What is the best way to prevent the radicalisation of young people? As each week brings news of young men and women leaving their homes in the UK to travel to Syria and Iraq, it’s a question that has received a lot of airtime. Proposed solutions range from harsh punishments and stripping citizenship, to ever-increasing online surveillance, to engaging young people and providing better role models.
This week, the community organisation Minhaj-ul-Quran International (MQI) is launching a “counter-terrorism curriculum” in the UK, which aims to counter Isis recruitment. It is rooted in Islamic texts, drawing heavily on Quaranic verses and the hadith. MQI is run by the Pakistani theologian (and one-time revolutionary) Dr Tahir-ul-Qadri, who shot to prominence in the west in 2010 when he published the first ever fatwa against terrorism. He is the author of ten books on counter-terrorism, which emphasise the Islamic values of compassion, mercy, and peace.
The central idea of the curriculum is to counter extremist ideology through Islamic theology. It is based on the assumption that young Muslims are particularly vulnerable to radicalisation when they don’t know much about their faith, and fits in with MQI’s overarching aim of educating the masses about their religious rights and responsibilities.
“The curriculum can be used in schools, madrassas, mosques, to teach young people that Isis is completely opposite to what Islam stands for, and what Quranic and Prophetic teachings are,” Shahid Mursaleen, spokesman for MQI, tells me.
It will initially be rolled out through mosques and religious schools, along with some one-day seminars at universities. Numerous religious leaders in the UK have signed up to promote the curriculum. MQI is also working with prison chaplains and is in discussions about giving school assemblies.

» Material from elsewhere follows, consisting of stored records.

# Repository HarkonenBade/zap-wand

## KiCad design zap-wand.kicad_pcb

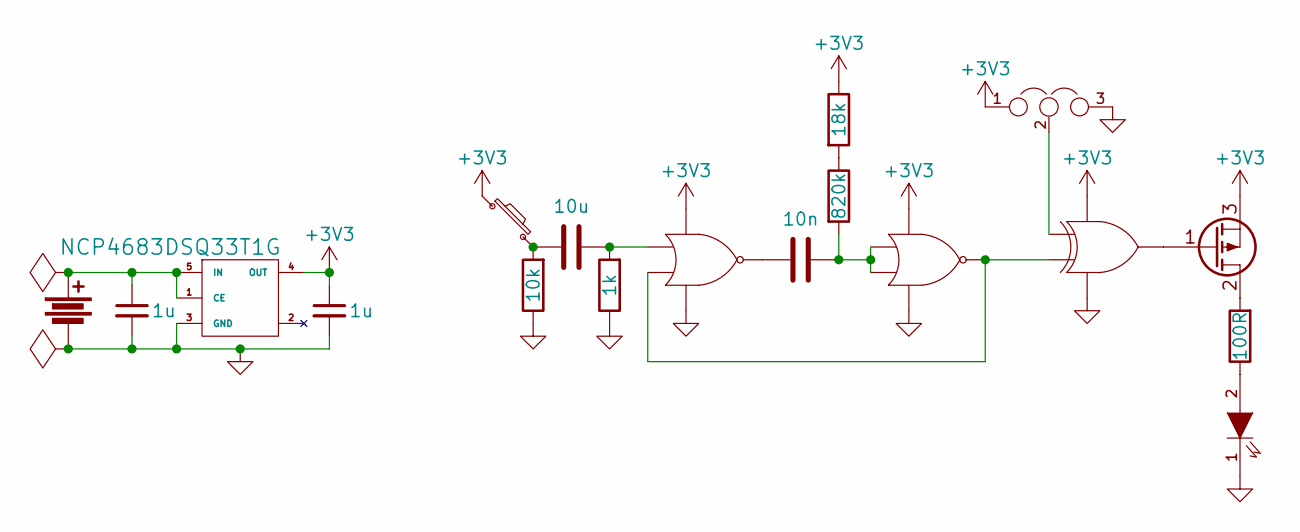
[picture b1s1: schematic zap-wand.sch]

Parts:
BATT1: Battery; SIL-254P-02
C1: 10u; 0603; Farnell 2494233
C2: 10n; 0805; Farnell 2470490
C3, C4: 1u; 0603; Farnell 2362099
D1: LED; SIL-254P-02
IC1: NC7WZ02; US8-3.1mm; Farnell 2453144
IC2: NC7SZ86; SC-70-5; Farnell 1652016
JP1: JUMPER3; solder_jumper_3
Q1: Q_PMOS_GDS; SOT-323; Farnell 2069551
R1: 1k; 0603; Farnell 9330380
R2: 820k; 0603; Farnell 9331581
R3: 100R; 0603; Farnell 2447227
R4: 10k; 0603; Farnell 9330399
R5: 18k; 0603; Farnell 9330720
SW1: SW_PUSH_SMALL; FSM10JH; Farnell 1555986
U1: NCP4683DSQ33T1G; SC-70-5; Farnell 2464280

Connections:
+3V3: C4.1, IC1.8 (VCC), IC2.5 (VCC), JP1.1, Q1.3 (S), R5.1, SW1.1, U1.4 (OUT)
GND: BATT1.2, C3.2, C4.2, D1.1 (K), IC1.4 (GND), IC2.3 (GND), JP1.3, R1.1, R4.1, U1.3 (GND)
unnamed: BATT1.1, C3.1, U1.1 (CE), U1.5 (IN)
unnamed: C1.1, IC1.1 (A1), R1.2
unnamed: C1.2, R4.2, SW1.2
unnamed: C2.1, IC1.5 (A2), IC1.6 (B2), R2.2
unnamed: C2.2, IC1.7 (Y1)
unnamed: D1.2 (A), R3.1
unnamed: IC1.2 (B1), IC1.3 (Y2), IC2.2 (B)
unnamed: IC2.1 (A), JP1.2
unnamed: IC2.4 (Y), Q1.1 (G)
unnamed: Q1.2 (D), R3.2
unnamed: R2.1, R5.2

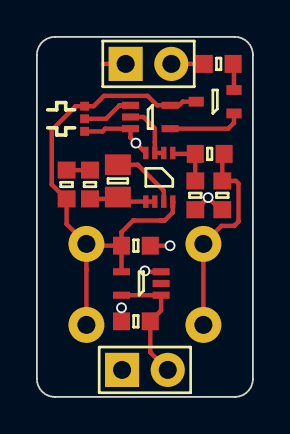
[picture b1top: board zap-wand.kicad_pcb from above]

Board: 2 copper layers, 12.0 x 20.0 mm, 17 parts (1 on the bottom side), 13 nets.

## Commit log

2016-07-17 Base design
2016-07-18 Various bits
2016-07-19 Various tweaks and fixes
2016-07-21 Beefier regulator, pcb shuffle
2016-07-21 Gerbils
2016-07-22 Added xor output inverter

The organisation has trained a team of 50 online activists to counter extremists on social media. “What we’ve done is equip them with enough knowledge to go out there and rebut the arguments of those extremists on Facebook, Twitter, and different social media discussions,” says Mursaleen. “They counter the narratives from a theological point of view. For example, these people believe that if they kill innocent people who happen to support the west or the war on terror, they will go to paradise. This is completely against the teachings of Islam. If somebody believes that, they will become disbelievers. The aim is that if any youngster comes across these discussion forums, they will see our counter-narrative.”
Will this strategy work as a preventative measure? It would be difficult to argue that clear theological arguments countering extremist ideology do not have any use. MQI is primarily a grassroots community organisation; equipping people within Muslim communities with clear arguments against extremism can only be a good thing. Among other things, the curriculum explains why terrorist groups like Isis, Al Qaeda, and the Taliban do not have the religious authority to declare jihad. But as with any prevention strategy, hard evidence of effectiveness is hard to come by.
There are many reasons why people join radical groups such as Isis. Fervent religiosity is certainly one factor – and it is frequently ill-informed, as the case of the convicted terrorists who went to Syria with a copy of Islam for Dummies shows. But there are other factors too: the desire for adventure and glamour (Isis excels at online propaganda), social or economic disenfranchisement, the feeling of belonging that comes with membership of an extremist group, the attraction of a “noble” cause or mission bigger than oneself.
We don’t have clear data on who joins extremist groups and why, or on what works to prevent people from joining. In the most basic terms, this means that preventing recruitment requires a multifaceted approach. Theological teachings such as MQI’s curriculum may not be the magic answer to the problem, but they can certainly form an important part of the picture.